# Cool Animated Visualizations of Recorded Aikido Motions



## Yari (May 19, 2003)

Thought I might share...

http://www.adaptiveperception.com/samples/animsamples.asp


/Yari


----------



## Aikikitty (May 19, 2003)

That is really awesome, Yari!  Thanks for the link!  

Robyn :asian:


----------



## Ceicei (May 21, 2004)

Yari said:
			
		

> Thought I might share...
> 
> http://www.adaptiveperception.com/samples/animsamples.asp
> 
> ...


Hey, great link!  One of the better links I've seen in a while.  Thanks!

- Ceicei


----------



## MA-Caver (May 22, 2004)

Way cool... and it would be a very useful instructional tool... my only thought on the link was "...awww, isn't any more than that??"  :waah:


----------



## axioma (May 22, 2004)

Hey, great link.

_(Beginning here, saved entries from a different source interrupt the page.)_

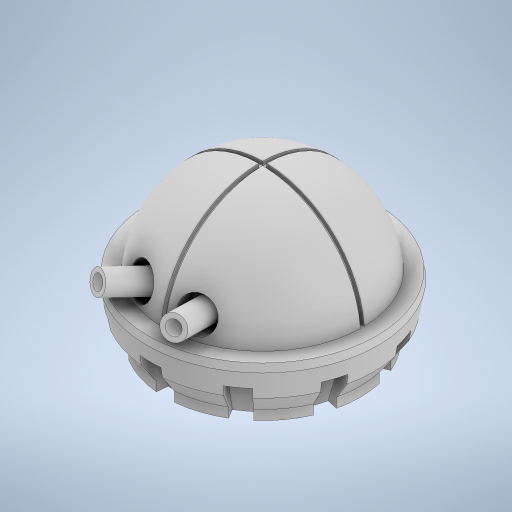
# Autodesk Inventor part: 屋頂-3
Saved by Autodesk Inventor 2024 (Build 280153000, 153)
## iProperties
Created: 2024-05-18
Part Number: 屋頂-3
Material: 一般
Document SubType Name: Modeling
Designer: User
Density: 1 g/cm^3
Appearance: 預設
Author: User
Autodesk Inventor part; units mm, degrees
ref_plane "YZ Plane" through (0, 0, 0) normal (1, 0, 0) x (0, 1, 0)
ref_plane "XZ Plane" through (0, 0, 0) normal (0, 1, 0) x (-1, 0, 0)
ref_plane "XY Plane" through (0, 0, 0) normal (0, 0, 1) x (1, 0, 0)
sketch "草圖1" plane through (0, 0, 0) normal (0, 1, 0) x (-1, 0, 0)
  circle A0 centre (0, 0) radius 26
  circle A1 centre (0, 0) radius 30
  line L0 (0, 26) -> (0, -26)
  dimension "d0" = 52
  dimension "d1" = 60
  constraints: 2 centre point, 2 coincident, 2 end point, 2 point on circle, 1 vertical
  measures "d0" diameter of A0
  measures "d1" diameter of A1
revolve "迴轉1" add sketch "草圖1" angle 180 about axis through (0, 0, 26) along (0, 0, 1) picked at (-10.6775, 1.2965) contours L0 A0
sketch "草圖2" plane through (0, 0, 0) normal (0, -1, 0) x (1, 0, 0)
  circle A0 centre (0, 0) radius 30
  dimension "d3" = 60
  constraints: 1 centre point, 1 coincident
  measures "d3" diameter of A0
extrude "擠出1" add sketch "草圖2" along normal blind 6.5 draft -10 and the other way blind 2 draft -10
sketch "草圖3" plane through (0, 0, 0) normal (1, 0, 0) x (0, 1, 0)
  line L0 (2, -25.923) -> (2, 25.923) projected
  arc A0 (2, -25.923) -> (2, 25.923) centre (0, 0) ccw
  arc A1 (2, -25.923) -> (2, 25.923) centre (0, 0) ccw projected
  line L1 (2, 25.923) -> (2, -25.923)
  arc A2 (2, -24.9199) -> (2, 24.9199) centre (0, 0) ccw
  point P0 (2, 24.9199)
  point P1 (2, -24.9199)
  dimension "d8" = 1
  constraints: 4 point on circle, 2 centre point, 2 concentric, 2 end point, 2 point on line, 1 collinear
  measures "d8" radial gap between concentric circles of A0 A2
extrude "擠出2" cut sketch "草圖3" along normal mid plane 1 contours L0 A2 A0
sketch "草圖4" plane through (0, 0, 0) normal (0, 0, 1) x (1, 0, 0)
  line L0 (25.923, 2) -> (0.5, 2) projected
  line L1 (-0.5, 2) -> (-25.923, 2) projected
  line L2 (-0.5, 25.9952) -> (-0.5, 2) projected
  arc A0 (25.923, 2) -> (-25.923, 2) centre (0, 0) ccw
  line L3 (25.923, 2) -> (-25.923, 2)
  arc A1 (24.9199, 2) -> (-24.9199, 2) centre (0, 0) ccw
  point P0 (0, 0)
  point P1 (-24.9199, 2)
  point P2 (24.9199, 2)
  dimension "d11" = 1
  constraints: 5 point on circle, 2 centre point, 2 end point, 2 point on line, 1 collinear, 1 concentric
  measures "d11" radial gap between concentric circles of A0 A1
extrude "擠出3" cut sketch "草圖4" along normal mid plane 1 contours L0 A1 L2 A0 | L2 A1 L1 A0
ref_plane "工作平面1" through (0, 0, 0) normal (-0.315329, 0.2747861, 0.9083283) x (-0.6569774, -0.7539102, 0)
ref_plane "工作平面2" through (0, 0, 0) normal (0.2638739, 0.2792959, 0.9232358) x (-0.7268903, 0.6867535, 0)
sketch "草圖6" plane through (0, 0, 0) normal (-0.315329, 0.2747861, 0.9083283) x (-0.6569774, -0.7539102, 0)
  circle A0 centre (0, 0) radius 1.8
  circle A1 centre (0, 0) radius 2.9
  dimension "d20" = 3.6
  dimension "d21" = 5.8
  constraints: 2 centre point, 2 coincident
  measures "d20" diameter of A0
  measures "d21" diameter of A1
extrude "擠出5" add sketch "草圖6" along normal blind 35 contours A0 | A1
sketch "草圖7" plane through (-11.0365, 9.6175, 31.7915) normal (-0.315329, 0.2747861, 0.9083283) x (0.9446939, 0, 0.3279534)
  circle A0 centre (0, 0) radius 2.9
  circle A1 centre (0, 0) radius 1.8
  circle A2 centre (0, 0) radius 4.4
  point P0 (0, 0)
  dimension "d24" = 5.8
  dimension "d25" = 3.6
  dimension "d26" = 8.8
  constraints: 3 centre point, 3 coincident
  measures "d24" diameter of A0
  measures "d25" diameter of A1
  measures "d26" diameter of A2
extrude "擠出6" cut sketch "草圖7" against normal blind 10 contours A1
extrude "擠出7" cut sketch "草圖7" against normal blind 15 contours A2
sketch "草圖8" plane through (0, 0, 0) normal (0.2638739, 0.2792959, 0.9232358) x (-0.7268903, 0.6867535, 0)
  circle A0 centre (0, 0) radius 2.95
  dimension "d31" = 5.9
  constraints: 1 centre point, 1 coincident
  measures "d31" diameter of A0
extrude "擠出8" add sketch "草圖8" along normal blind 35
sketch "草圖9" plane through (9.2356, 9.7754, 32.3133) normal (0.2638739, 0.2792959, 0.9232358) x (0.9614986, 0, -0.27481)
  circle A0 centre (0, 0) radius 2.95
  circle A1 centre (0, 0) radius 1.75
  circle A2 centre (0, 0) radius 4.3
  dimension "d34" = 5.9
  dimension "d35" = 3.5
  dimension "d36" = 8.6
  constraints: 3 centre point, 3 coincident
  measures "d34" diameter of A0
  measures "d35" diameter of A1
  measures "d36" diameter of A2
extrude "擠出9" cut sketch "草圖9" against normal blind 10 contours A1
extrude "擠出10" cut sketch "草圖9" against normal blind 15 contours A2
sketch "草圖10" plane through (0, -6.5, 0) normal (0, -1, 0) x (1, 0, 0)
  line L0 (-0.5, -0.5) -> (0, 0) projected
  circle A0 centre (0, 0) radius 28.8539
  constraints: 1 centre point, 1 coincident
extrude "擠出11" add sketch "草圖10" along normal blind 5 draft -35
sketch "草圖11" plane through (0, -11.5, 0) normal (0, -1, 0) x (1, 0, 0)
  circle A0 centre (0, 0) radius 25.3528
  constraints: 1 centre point, 1 coincident
extrude "擠出12" add sketch "草圖11" along normal blind 2.5
sketch "草圖12" plane through (0, -14, 0) normal (0, -1, 0) x (1, 0, 0)
  circle A0 centre (0, 0) radius 30
  line L0 (0, 0) -> (0, -30)
  circle A1 centre (0, 0) radius 30 projected
  line L1 (0, 0) -> (-2.8, -29.869)
  line L2 (0, 0) -> (-0.5, 0.5) projected
  line L3 (2.8, -29.869) -> (0, 0)
  line L4 (19.8218, -22.5188) -> (0, 0)
  line L5 (0, 0) -> (15.2913, -25.8104)
  line L6 (29.2724, -6.5671) -> (0, 0)
  line L7 (0, 0) -> (27.5419, -11.893)
  line L8 (27.5419, 11.893) -> (0, 0)
  line L9 (0, 0) -> (29.2724, 6.5671)
  line L10 (15.2913, 25.8104) -> (0, 0)
  line L11 (0, 0) -> (19.8218, 22.5188)
  line L12 (-2.8, 29.869) -> (0, 0)
  line L13 (0, 0) -> (2.8, 29.869)
  line L14 (-19.8218, 22.5188) -> (0, 0)
  line L15 (0, 0) -> (-15.2913, 25.8104)
  line L16 (-29.2724, 6.5671) -> (0, 0)
  line L17 (0, 0) -> (-27.5419, 11.893)
  line L18 (-27.5419, -11.893) -> (0, 0)
  line L19 (0, 0) -> (-29.2724, -6.5671)
  line L20 (-15.2913, -25.8104) -> (0, 0)
  line L21 (0, 0) -> (-19.8218, -22.5188)
  circle A2 centre (0, 0) radius 22.5
  point P0 (-21.9543, 4.9253)
  point P1 (-20.6564, 8.9198)
  point P2 (-20.6564, -8.9198)
  point P3 (-21.9543, -4.9253)
  point P4 (-11.4685, -19.3578)
  point P5 (-14.8664, -16.8891)
  point P6 (2.1, -22.4018)
  point P7 (-2.1, -22.4018)
  point P8 (14.8664, -16.8891)
  point P9 (11.4685, -19.3578)
  point P10 (21.9543, -4.9253)
  point P11 (20.6564, -8.9198)
  point P12 (20.6564, 8.9198)
  point P13 (21.9543, 4.9253)
  point P14 (11.4685, 19.3578)
  point P15 (14.8664, 16.8891)
  point P16 (-2.1, 22.4018)
  point P17 (2.1, 22.4018)
  point P18 (-14.8664, 16.8891)
  point P19 (-11.4685, 19.3578)
  dimension "d48" = 60
  dimension "d47" = 5.6
  dimension "d49" = 2.8
  dimension "d52" = 360
  dimension "d54" = 45
  constraints: 42 end point, 4 coincident, 2 point on circle, 2 vertical, 1 centre point, 62 other
  measures "d47" distance of L1.end L3.start
  measures "d49" distance from line of L0 L1.end
  measures "d54" diameter of A2
extrude "擠出13" cut sketch "草圖12" against normal blind 10 contours L9 A2 L8 A0 | A0 L7 A2 L6 | L11 A2 L10 A0 | A0 L5 A2 L4 | A2 L3 A0 L0 | L0 A0 L1 A2 | L12 A0 L13 A2 | L14 A0 L15 A2 | L16 A0 L17 A2 | L18 A0 L19 A2 | L20 A0 L21 A2
draft "面拔模1" angle 20 pull direction (0, -1, 0) fixed plane through (-6.069, -14, 2.9172) normal (0, -1, 0) faces at (-21.8473, -10.6667, 5.3802) (-11.8681, -7.3333, 19.1154) (1.6343, -7.3333, 22.4406) (13.4135, -7.3333, 18.0646) (20.8372, -10.6667, 8.4888) (20.8372, -7.3333, -8.4888) (11.8681, -7.3333, -19.1154) (-1.1678, -7.3333, -22.4697) (-14.5124, -7.3333, -17.1942) (-21.7308, -7.3333, -5.8328)

I'm all for 3d animations of martial arts. Don't know if this link has been ever posted here, but you really need to check this out: onimusha 3 trailer 

It takes quite long to load, but it's some awesome 3d and martial arts work.

cheers,
 :asian: 
axioma


----------



## arnisador (May 22, 2004)

Yes, cool! For aikido I think this type of thing can really be helpful--more so than in some other systems.


----------



## Michael Billings (May 22, 2004)

Cool, and I love the Game trailer also.

 -Michael


----------



## tshadowchaser (May 23, 2004)

Nice.
A great tool.
Thanks for the sites


----------